Students become authorities in their field 

From snakes to famous people such as Tiger Woods and Simone Biles, there was a wide variety of topics at this year’s Expert Museum at Ada Elementary

Forest Hills — Second-grader Ian Putcha loves golf, so much so that he decided to become an expert on one of golf’s biggest stars, Tiger Woods.

Ian’s poster is peppered with information about Woods, such as he has some of the best records in golf, winning six masters, 82 PGA tournaments, 41 European tournaments, three Japanese tournaments and two Asian ones.

“He is a good golfer,” Ian said, adding that he has been playing the sport for two years and hopes to become as good as Woods.

Next to Ian’s display is second-grader Kai Justine Hughes, who has focused on Simone Biles since she loves gymnastics. 

“She is a really great gymnast and I wanted to learn about her,” Kai said. “She is the best in the world and by doing this project, I feel like I got to learn more about her.”

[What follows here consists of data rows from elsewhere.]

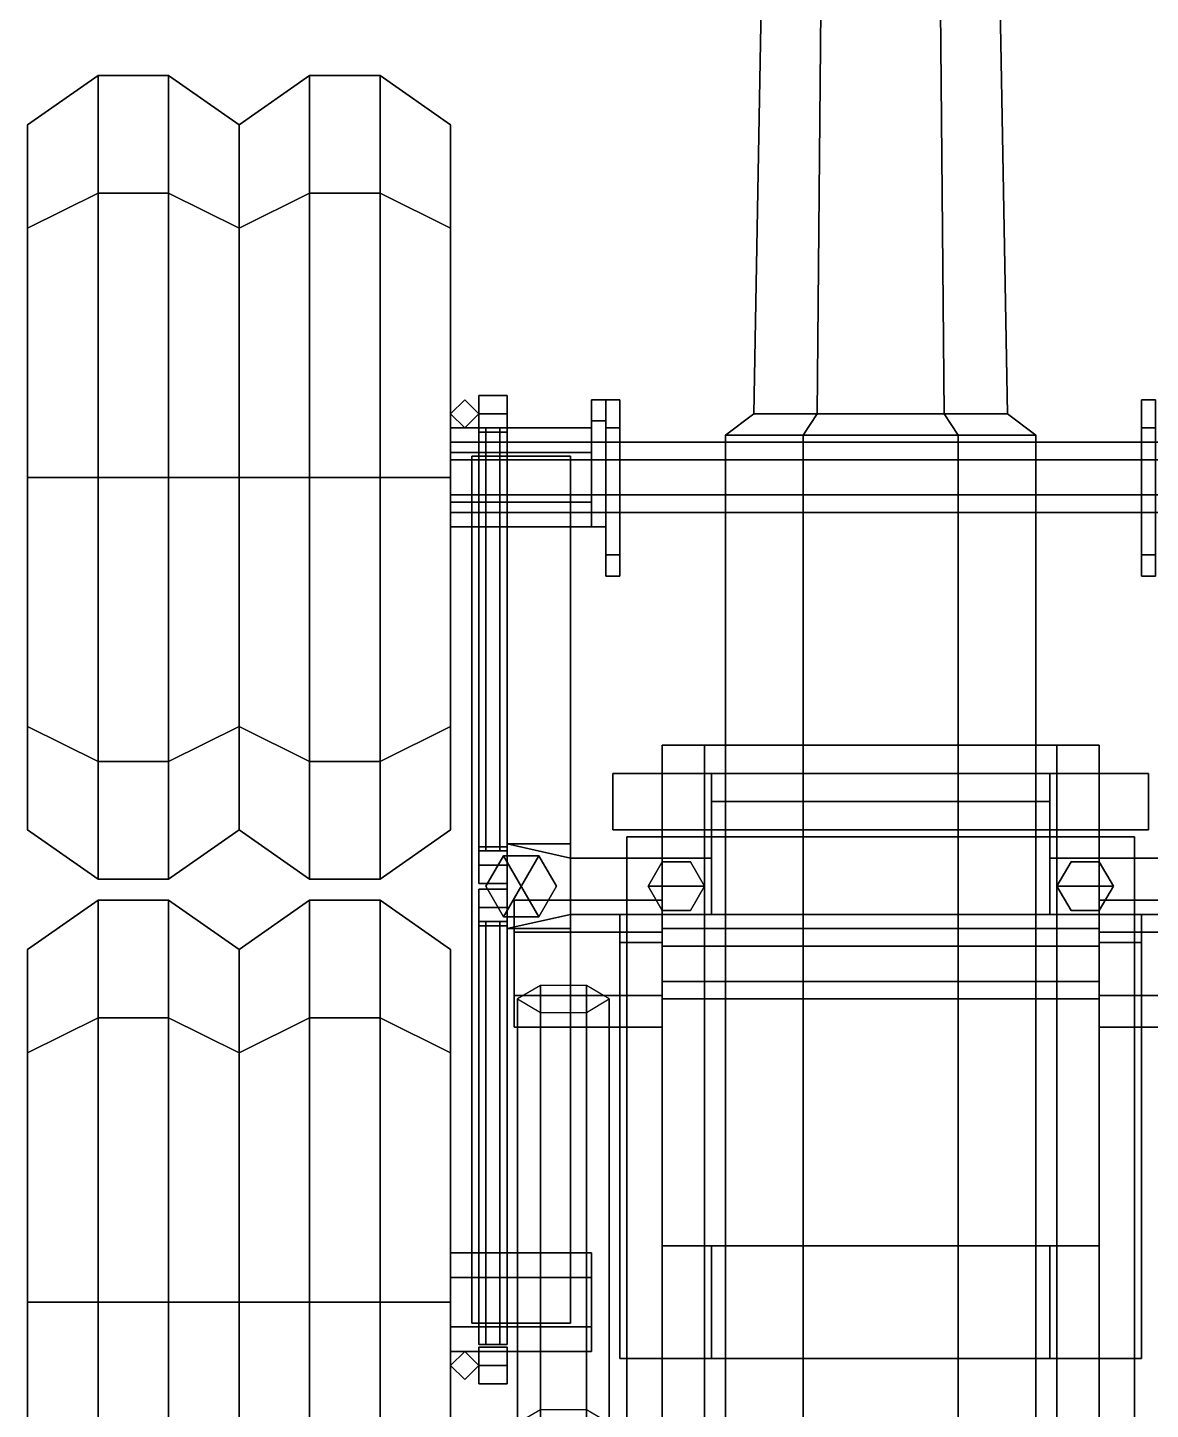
# Model space of a CAD drawing. Extents: x -1.2 to 1.2, y -5 to 5.4.
# Drawn here: x -1.21 to 0.383, y 0.608 to 2.568 of the extents above; entities that cross this region are included whole.
import ezdxf

# ---------------------------------------------------------------- set-up
doc = ezdxf.new("R2010")
doc.units = 0
doc.layers.get('0').update_dxf_attribs({"linetype": 'CONTINUOUS'})
for name, color, linetype in [('GUN', 1, 'CONTINUOUS'), ('HYDR1', 2, 'CONTINUOUS'), ('SLEEVE', 5, 'CONTINUOUS'), ('WHEEL_HOLDER', 3, 'CONTINUOUS'), ('WHEELS', 2, 'CONTINUOUS')]:
    doc.layers.add(name, color=color, linetype=linetype)

msp = doc.modelspace()

# ---------------------------------------------------------------- linework, layer by layer
for points in [[(-0.36, 1.42, 0.41), (-0.36, 0.32, 0.41), (-0.36, 0.32, 0.77), (-0.36, 1.42, 0.77)], [(-0.36, 0.32, 0.77), (0.36, 0.32, 0.77), (0.36, 1.42, 0.77), (-0.36, 1.42, 0.77)], [(-0.36, 1.42, 0.77), (0.36, 1.42, 0.77), (0.36, 1.42, 0.41), (-0.36, 1.42, 0.41)], [(0.36, 1.42, 0.77), (0.36, 0.32, 0.77), (0.36, 0.32, 0.41), (0.36, 1.42, 0.41)], [(-0.31, 1.3846, 0.77), (-0.33, 1.35, 0.77), (-0.33, 1.35, 1.16), (-0.31, 1.3846, 1.16)], [(-0.33, 1.35, 1.16), (-0.25, 1.35, 1.16), (-0.27, 1.3846, 1.16), (-0.31, 1.3846, 1.16)], [(-0.27, 1.3846, 0.77), (-0.31, 1.3846, 0.77), (-0.31, 1.3846, 1.16), (-0.27, 1.3846, 1.16)], [(-0.25, 1.35, 0.77), (-0.27, 1.3846, 0.77), (-0.27, 1.3846, 1.16), (-0.25, 1.35, 1.16)], [(0.27, 1.3846, 0.77), (0.25, 1.35, 0.77), (0.25, 1.35, 1.16), (0.27, 1.3846, 1.16)], [(0.25, 1.35, 1.16), (0.33, 1.35, 1.16), (0.31, 1.3846, 1.16), (0.27, 1.3846, 1.16)], [(0.31, 1.3846, 0.77), (0.27, 1.3846, 0.77), (0.27, 1.3846, 1.16), (0.31, 1.3846, 1.16)], [(0.33, 1.35, 0.77), (0.31, 1.3846, 0.77), (0.31, 1.3846, 1.16), (0.33, 1.35, 1.16)], [(-0.33, 1.35, 0.77), (-0.31, 1.3154, 0.77), (-0.31, 1.3154, 1.16), (-0.33, 1.35, 1.16)], [(-0.31, 1.3154, 1.16), (-0.27, 1.3154, 1.16), (-0.25, 1.35, 1.16), (-0.33, 1.35, 1.16)], [(-0.27, 1.3154, 0.77), (-0.25, 1.35, 0.77), (-0.25, 1.35, 1.16), (-0.27, 1.3154, 1.16)], [(0.25, 1.35, 0.77), (0.27, 1.3154, 0.77), (0.27, 1.3154, 1.16), (0.25, 1.35, 1.16)], [(0.27, 1.3154, 1.16), (0.31, 1.3154, 1.16), (0.33, 1.35, 1.16), (0.25, 1.35, 1.16)], [(0.31, 1.3154, 0.77), (0.33, 1.35, 0.77), (0.33, 1.35, 1.16), (0.31, 1.3154, 1.16)], [(-0.31, 1.3154, 0.77), (-0.27, 1.3154, 0.77), (-0.27, 1.3154, 1.16), (-0.31, 1.3154, 1.16)], [(0.27, 1.3154, 0.77), (0.31, 1.3154, 0.77), (0.31, 1.3154, 1.16), (0.27, 1.3154, 1.16)]]:
    msp.add_3dface(points)
at = {"layer": 'GUN'}
for points in [[(-0.06, 5.36, 2.0539), (-0.12, 5.36, 1.95), (-0.18, 2.02, 1.95), (-0.09, 2.02, 2.1059)], [(-0.12, 5.36, 1.95), (-0.06, 5.36, 1.8461), (-0.09, 2.02, 1.7941), (-0.18, 2.02, 1.95)], [(-0.12, 5.36, 1.95), (-0.06, 5.36, 2.0539), (-0.09, 2.02, 2.1059), (-0.18, 2.02, 1.95)], [(-0.06, 5.36, 1.8461), (-0.12, 5.36, 1.95), (-0.18, 2.02, 1.95), (-0.09, 2.02, 1.7941)], [(0.06, 5.36, 2.0539), (-0.06, 5.36, 2.0539), (-0.09, 2.02, 2.1059), (0.09, 2.02, 2.1059)], [(-0.06, 5.36, 1.8461), (0.06, 5.36, 1.8461), (0.09, 2.02, 1.7941), (-0.09, 2.02, 1.7941)], [(-0.06, 5.36, 2.0539), (0.06, 5.36, 2.0539), (0.09, 2.02, 2.1059), (-0.09, 2.02, 2.1059)], [(0.06, 5.36, 1.8461), (-0.06, 5.36, 1.8461), (-0.09, 2.02, 1.7941), (0.09, 2.02, 1.7941)], [(0.12, 5.36, 1.95), (0.06, 5.36, 2.0539), (0.09, 2.02, 2.1059), (0.18, 2.02, 1.95)], [(0.06, 5.36, 1.8461), (0.12, 5.36, 1.95), (0.18, 2.02, 1.95), (0.09, 2.02, 1.7941)], [(0.06, 5.36, 2.0539), (0.12, 5.36, 1.95), (0.18, 2.02, 1.95), (0.09, 2.02, 2.1059)], [(0.12, 5.36, 1.95), (0.06, 5.36, 1.8461), (0.09, 2.02, 1.7941), (0.18, 2.02, 1.95)], [(-0.09, 2.02, 2.1059), (-0.18, 2.02, 1.95), (-0.22, 1.99, 1.95), (-0.11, 1.99, 2.1405)], [(-0.18, 2.02, 1.95), (-0.09, 2.02, 1.7941), (-0.11, 1.99, 1.7595), (-0.22, 1.99, 1.95)], [(0.18, 2.02, 1.95), (-0.18, 2.02, 1.95), (-0.09, 2.02, 2.1059), (0.09, 2.02, 2.1059)], [(0.09, 2.02, 1.7941), (-0.09, 2.02, 1.7941), (-0.18, 2.02, 1.95), (0.18, 2.02, 1.95)], [(0.09, 2.02, 2.1059), (-0.09, 2.02, 2.1059), (-0.11, 1.99, 2.1405), (0.11, 1.99, 2.1405)], [(-0.09, 2.02, 1.7941), (0.09, 2.02, 1.7941), (0.11, 1.99, 1.7595), (-0.11, 1.99, 1.7595)], [(0.18, 2.02, 1.95), (0.09, 2.02, 2.1059), (0.11, 1.99, 2.1405), (0.22, 1.99, 1.95)], [(0.09, 2.02, 1.7941), (0.18, 2.02, 1.95), (0.22, 1.99, 1.95), (0.11, 1.99, 1.7595)], [(-0.11, 1.99, 2.1405), (-0.22, 1.99, 1.95), (-0.22, 0.5, 1.95), (-0.11, 0.5, 2.1405)], [(-0.22, 1.99, 1.95), (-0.11, 1.99, 1.7595), (-0.11, 0.5, 1.7595), (-0.22, 0.5, 1.95)], [(0.11, 1.99, 2.1405), (-0.11, 1.99, 2.1405), (-0.11, 0.5, 2.1405), (0.11, 0.5, 2.1405)], [(-0.11, 1.99, 1.7595), (0.11, 1.99, 1.7595), (0.11, 0.5, 1.7595), (-0.11, 0.5, 1.7595)], [(0.22, 1.99, 1.95), (0.11, 1.99, 2.1405), (0.11, 0.5, 2.1405), (0.22, 0.5, 1.95)], [(0.11, 1.99, 1.7595), (0.22, 1.99, 1.95), (0.22, 0.5, 1.95), (0.11, 0.5, 1.7595)]]:
    msp.add_3dface(points, dxfattribs=at)
at = {"layer": 'HYDR1'}
for points in [[(-0.52, 1.285, 1.5821), (-0.52, 1.195, 1.5821), (-0.52, 1.15, 1.66), (-0.52, 1.33, 1.66)], [(-0.52, 1.33, 1.66), (-0.52, 1.15, 1.66), (-0.52, 1.195, 1.7379), (-0.52, 1.285, 1.7379)], [(-0.52, 1.285, 1.5821), (-0.52, 1.33, 1.66), (-0.31, 1.33, 1.66), (-0.31, 1.285, 1.5821)], [(-0.52, 1.33, 1.66), (-0.52, 1.285, 1.7379), (-0.31, 1.285, 1.7379), (-0.31, 1.33, 1.66)], [(0.52, 1.285, 1.7379), (0.52, 1.33, 1.66), (0.31, 1.33, 1.66), (0.31, 1.285, 1.7379)], [(0.52, 1.33, 1.66), (0.52, 1.285, 1.5821), (0.31, 1.285, 1.5821), (0.31, 1.33, 1.66)], [(-0.52, 1.195, 1.5821), (-0.52, 1.285, 1.5821), (-0.31, 1.285, 1.5821), (-0.31, 1.195, 1.5821)], [(-0.52, 1.285, 1.7379), (-0.52, 1.195, 1.7379), (-0.31, 1.195, 1.7379), (-0.31, 1.285, 1.7379)], [(0.52, 1.195, 1.7379), (0.52, 1.285, 1.7379), (0.31, 1.285, 1.7379), (0.31, 1.195, 1.7379)], [(0.52, 1.285, 1.5821), (0.52, 1.195, 1.5821), (0.31, 1.195, 1.5821), (0.31, 1.285, 1.5821)], [(-0.4825, 1.2093, 1.7329), (-0.515, 1.19, 1.68), (-0.515, 0.5886, 1.8989), (-0.4825, 0.6078, 1.9518)], [(-0.4175, 1.2093, 1.7329), (-0.4825, 1.2093, 1.7329), (-0.4825, 0.6078, 1.9518), (-0.4175, 0.6078, 1.9518)], [(-0.385, 1.19, 1.68), (-0.4175, 1.2093, 1.7329), (-0.4175, 0.6078, 1.9518), (-0.385, 0.5886, 1.8989)], [(-0.52, 1.15, 1.66), (-0.52, 1.195, 1.5821), (-0.31, 1.195, 1.5821), (-0.31, 1.15, 1.66)], [(-0.52, 1.195, 1.7379), (-0.52, 1.15, 1.66), (-0.31, 1.15, 1.66), (-0.31, 1.195, 1.7379)], [(-0.515, 1.19, 1.68), (-0.4825, 1.1707, 1.6271), (-0.4825, 0.5693, 1.846), (-0.515, 0.5886, 1.8989)], [(-0.4175, 1.1707, 1.6271), (-0.385, 1.19, 1.68), (-0.385, 0.5886, 1.8989), (-0.4175, 0.5693, 1.846)], [(0.52, 1.15, 1.66), (0.52, 1.195, 1.7379), (0.31, 1.195, 1.7379), (0.31, 1.15, 1.66)], [(0.52, 1.195, 1.5821), (0.52, 1.15, 1.66), (0.31, 1.15, 1.66), (0.31, 1.195, 1.5821)], [(-0.4825, 1.1707, 1.6271), (-0.4175, 1.1707, 1.6271), (-0.4175, 0.5693, 1.846), (-0.4825, 0.5693, 1.846)]]:
    msp.add_3dface(points, dxfattribs=at)
at = {"layer": 'SLEEVE'}
for points in [[(-0.25, 1.55, 1.39), (-0.25, -0.53, 1.39), (-0.31, -0.53, 1.45), (-0.31, 1.55, 1.45)], [(0.31, 1.55, 1.45), (0.25, 1.55, 1.39), (-0.25, 1.55, 1.39), (-0.31, 1.55, 1.45)], [(-0.31, 1.55, 1.45), (-0.31, -0.53, 1.45), (-0.31, -0.53, 1.76), (-0.31, 1.55, 1.76)], [(0.31, 1.55, 1.76), (0.31, 1.55, 1.45), (-0.31, 1.55, 1.45), (-0.31, 1.55, 1.76)], [(-0.31, 1.55, 1.76), (-0.31, -0.53, 1.76), (0.31, -0.53, 1.76), (0.31, 1.55, 1.76)], [(0.25, 1.55, 1.39), (0.25, -0.53, 1.39), (-0.25, -0.53, 1.39), (-0.25, 1.55, 1.39)], [(0.31, -0.53, 1.45), (0.25, -0.53, 1.39), (0.25, 1.55, 1.39), (0.31, 1.55, 1.45)], [(0.31, -0.53, 1.76), (0.31, -0.53, 1.45), (0.31, 1.55, 1.45), (0.31, 1.55, 1.76)]]:
    msp.add_3dface(points, dxfattribs=at)
at = {"layer": 'WHEEL_HOLDER'}
for points in [[(-0.59, 2.04, 0.56), (-0.61, 2.02, 0.56), (-0.61, 2.02, 0.8), (-0.59, 2.04, 0.8)], [(-0.57, 2.02, 0.8), (-0.59, 2.04, 0.8), (-0.61, 2.02, 0.8), (-0.59, 2, 0.8)], [(-0.59, 2.04, 0.56), (-0.57, 2.02, 0.56), (-0.59, 2, 0.56), (-0.61, 2.02, 0.56)], [(-0.57, 2.02, 0.56), (-0.59, 2.04, 0.56), (-0.59, 2.04, 0.8), (-0.57, 2.02, 0.8)], [(-0.53, 2.046, 0.805), (-0.53, 2.046, 0.775), (-0.57, 2.046, 0.775), (-0.57, 2.046, 0.805)], [(-0.57, 1.994, 0.805), (-0.57, 2.046, 0.775), (-0.57, 2.02, 0.76), (-0.57, 1.994, 0.775)], [(-0.53, 2.046, 0.775), (-0.53, 2.02, 0.76), (-0.57, 2.02, 0.76), (-0.57, 2.046, 0.775)], [(-0.57, 2.02, 0.82), (-0.57, 2.046, 0.805), (-0.57, 2.046, 0.775), (-0.57, 1.994, 0.805)], [(-0.53, 2.02, 0.82), (-0.53, 2.046, 0.805), (-0.57, 2.046, 0.805), (-0.57, 2.02, 0.82)], [(-0.53, 1.994, 0.805), (-0.53, 2.046, 0.775), (-0.53, 2.02, 0.76), (-0.53, 1.994, 0.775)], [(-0.53, 2.02, 0.82), (-0.53, 2.046, 0.805), (-0.53, 2.046, 0.775), (-0.53, 1.994, 0.805)], [(-0.39, 2.01, 0.67), (-0.39, 2.04, 0.51), (-0.41, 2.04, 0.51), (-0.41, 2.01, 0.67)], [(-0.41, 2.04, 0.51), (-0.41, 1.86, 0.51), (-0.41, 1.86, 0.67), (-0.41, 2.01, 0.67)], [(-0.39, 2.04, 0.51), (-0.39, 1.86, 0.51), (-0.41, 1.86, 0.51), (-0.41, 2.04, 0.51)], [(-0.37, 1.82, 1.24), (-0.37, 2.04, 0.65), (-0.39, 2.04, 0.65), (-0.39, 1.82, 1.24)], [(-0.39, 2.04, 0.65), (-0.39, 2, 0.64), (-0.39, 1.79, 1.24), (-0.39, 1.82, 1.24)], [(-0.37, 2.04, 0.65), (-0.37, 2, 0.64), (-0.39, 2, 0.64), (-0.39, 2.04, 0.65)], [(-0.39, 1.86, 0.67), (-0.39, 1.86, 0.51), (-0.39, 2.04, 0.51), (-0.39, 2.01, 0.67)], [(-0.37, 1.79, 1.24), (-0.37, 2, 0.64), (-0.37, 2.04, 0.65), (-0.37, 1.82, 1.24)], [(0.37, 2.04, 0.65), (0.37, 2, 0.64), (0.37, 1.79, 1.24), (0.37, 1.82, 1.24)], [(0.39, 1.82, 1.24), (0.39, 2.04, 0.65), (0.37, 2.04, 0.65), (0.37, 1.82, 1.24)], [(0.39, 2.04, 0.65), (0.39, 2, 0.64), (0.37, 2, 0.64), (0.37, 2.04, 0.65)], [(-0.61, 2.02, 0.56), (-0.59, 2, 0.56), (-0.59, 2, 0.8), (-0.61, 2.02, 0.8)], [(-0.59, 2, 0.56), (-0.57, 2.02, 0.56), (-0.57, 2.02, 0.8), (-0.59, 2, 0.8)], [(-0.53, 2.02, 0.76), (-0.53, 1.994, 0.775), (-0.57, 1.994, 0.775), (-0.57, 2.02, 0.76)], [(-0.53, 1.994, 0.805), (-0.53, 2.02, 0.82), (-0.57, 2.02, 0.82), (-0.57, 1.994, 0.805)], [(-0.41, 1.965, 0.6306), (-0.41, 2, 0.57), (-0.61, 2, 0.57), (-0.61, 1.965, 0.6306)], [(-0.41, 2, 0.57), (-0.41, 1.965, 0.5094), (-0.61, 1.965, 0.5094), (-0.61, 2, 0.57)], [(-0.56, 2, 0.8073), (-0.57, 2, 0.79), (-0.57, 1.4, 0.79), (-0.56, 1.4, 0.8073)], [(-0.57, 2, 0.79), (-0.56, 2, 0.7727), (-0.56, 1.4, 0.7727), (-0.57, 1.4, 0.79)], [(-0.54, 2, 0.8073), (-0.56, 2, 0.8073), (-0.56, 1.4, 0.8073), (-0.54, 1.4, 0.8073)], [(-0.56, 2, 0.7727), (-0.54, 2, 0.7727), (-0.54, 1.4, 0.7727), (-0.56, 1.4, 0.7727)], [(-0.53, 2, 0.79), (-0.54, 2, 0.8073), (-0.54, 1.4, 0.8073), (-0.53, 1.4, 0.79)], [(-0.54, 2, 0.7727), (-0.53, 2, 0.79), (-0.53, 1.4, 0.79), (-0.54, 1.4, 0.7727)], [(-0.41, 2.01, 0.67), (-0.41, 1.86, 0.67), (-0.39, 1.86, 0.67), (-0.39, 2.01, 0.67)], [(-0.41, 1.86, 0.57), (-0.41, 2, 0.57), (-0.41, 1.965, 0.6306), (-0.41, 1.895, 0.6306)], [(-0.41, 1.895, 0.5094), (-0.41, 1.965, 0.5094), (-0.41, 2, 0.57), (-0.41, 1.86, 0.57)], [(-0.39, 1.79, 1.24), (-0.39, 2, 0.64), (-0.37, 2, 0.64), (-0.37, 1.79, 1.24)], [(0.37, 1.79, 1.24), (0.37, 2, 0.64), (0.39, 2, 0.64), (0.39, 1.79, 1.24)], [(-0.53, 1.994, 0.775), (-0.53, 1.994, 0.805), (-0.57, 1.994, 0.805), (-0.57, 1.994, 0.775)], [(-0.41, 1.895, 0.6306), (-0.41, 1.965, 0.6306), (-0.61, 1.965, 0.6306), (-0.61, 1.895, 0.6306)], [(-0.41, 1.965, 0.5094), (-0.41, 1.895, 0.5094), (-0.61, 1.895, 0.5094), (-0.61, 1.965, 0.5094)], [(-0.58, 1.96, 0.63), (-0.58, 0.73, 0.63), (-0.58, 0.73, 0.66), (-0.58, 1.96, 0.66)], [(-0.44, 1.96, 0.63), (-0.44, 0.73, 0.63), (-0.58, 0.73, 0.63), (-0.58, 1.96, 0.63)], [(-0.58, 0.73, 0.66), (-0.44, 0.73, 0.66), (-0.44, 1.96, 0.66), (-0.58, 1.96, 0.66)], [(-0.58, 1.96, 0.66), (-0.44, 1.96, 0.66), (-0.44, 1.96, 0.63), (-0.58, 1.96, 0.63)], [(-0.58, 1.96, 0.48), (-0.58, 0.73, 0.48), (-0.58, 0.73, 0.51), (-0.58, 1.96, 0.51)], [(-0.58, 0.73, 0.51), (-0.44, 0.73, 0.51), (-0.44, 1.96, 0.51), (-0.58, 1.96, 0.51)], [(-0.58, 1.96, 0.51), (-0.44, 1.96, 0.51), (-0.44, 1.96, 0.48), (-0.58, 1.96, 0.48)], [(-0.44, 1.96, 0.48), (-0.44, 0.73, 0.48), (-0.58, 0.73, 0.48), (-0.58, 1.96, 0.48)], [(-0.44, 1.96, 0.66), (-0.44, 0.73, 0.66), (-0.44, 0.73, 0.63), (-0.44, 1.96, 0.63)], [(-0.44, 1.96, 0.51), (-0.44, 0.73, 0.51), (-0.44, 0.73, 0.48), (-0.44, 1.96, 0.48)], [(-0.41, 1.86, 0.57), (-0.41, 1.895, 0.6306), (-0.61, 1.895, 0.6306), (-0.61, 1.86, 0.57)], [(-0.41, 1.895, 0.5094), (-0.41, 1.86, 0.57), (-0.61, 1.86, 0.57), (-0.61, 1.895, 0.5094)], [(-0.41, 1.86, 0.67), (-0.41, 1.86, 0.51), (-0.39, 1.86, 0.51), (-0.39, 1.86, 0.67)], [(-0.39, 1.82, 1.24), (-0.39, 1.79, 1.24), (-0.37, 1.79, 1.24), (-0.37, 1.82, 1.24)], [(0.37, 1.82, 1.24), (0.37, 1.79, 1.24), (0.39, 1.79, 1.24), (0.39, 1.82, 1.24)], [(-0.38, 1.51, 0.82), (-0.24, 1.51, 0.82), (-0.24, 1.51, 0.51), (-0.38, 1.51, 0.51)], [(-0.38, 1.43, 0.82), (-0.24, 1.43, 0.82), (-0.24, 1.51, 0.82), (-0.38, 1.51, 0.82)], [(-0.24, 1.51, 0.51), (-0.24, 1.43, 0.51), (-0.38, 1.43, 0.51), (-0.38, 1.51, 0.51)], [(-0.38, 1.51, 0.51), (-0.38, 1.43, 0.51), (-0.38, 1.43, 0.82), (-0.38, 1.51, 0.82)], [(0.24, 1.51, 0.43), (0.24, 1.43, 0.43), (-0.24, 1.43, 0.43), (-0.24, 1.51, 0.43)], [(-0.24, 1.51, 0.77), (0.24, 1.51, 0.77), (0.24, 1.51, 0.43), (-0.24, 1.51, 0.43)], [(-0.24, 1.43, 0.77), (0.24, 1.43, 0.77), (0.24, 1.51, 0.77), (-0.24, 1.51, 0.77)], [(-0.24, 1.51, 0.82), (-0.24, 1.47, 0.82), (-0.24, 1.47, 0.77), (-0.24, 1.51, 0.77)], [(0.24, 1.51, 0.51), (0.24, 1.43, 0.51), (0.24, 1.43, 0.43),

Ian and Kai were among the 62 “experts” who were part of Ada Elementary’s Expert Museum. The second-grade experts had spent several weeks researching a topic of their choosing, putting together the information they learned into a poster, and preparing to present their information to parents, staff and other students during the hour-long event.

“This is part of our nonfiction reading unit,” said teacher Kristin LaSage. “We purposely leave the topic open so students can choose what they are interested in.”

Second-grader Ali Zielaskowski said she picked becoming an expert about the moon because she is interested in space, while Hope Gonzalez said she picked the Philippines because her mother is from there.  

Projects were placed in one of four areas based on their topics: “Animals in the Sea, Reptiles, and Things That Fly”; “Land Animals and Pets”; “All About Space”; and “Famous People, Places, Sports, Natural Disasters and Volcanoes.”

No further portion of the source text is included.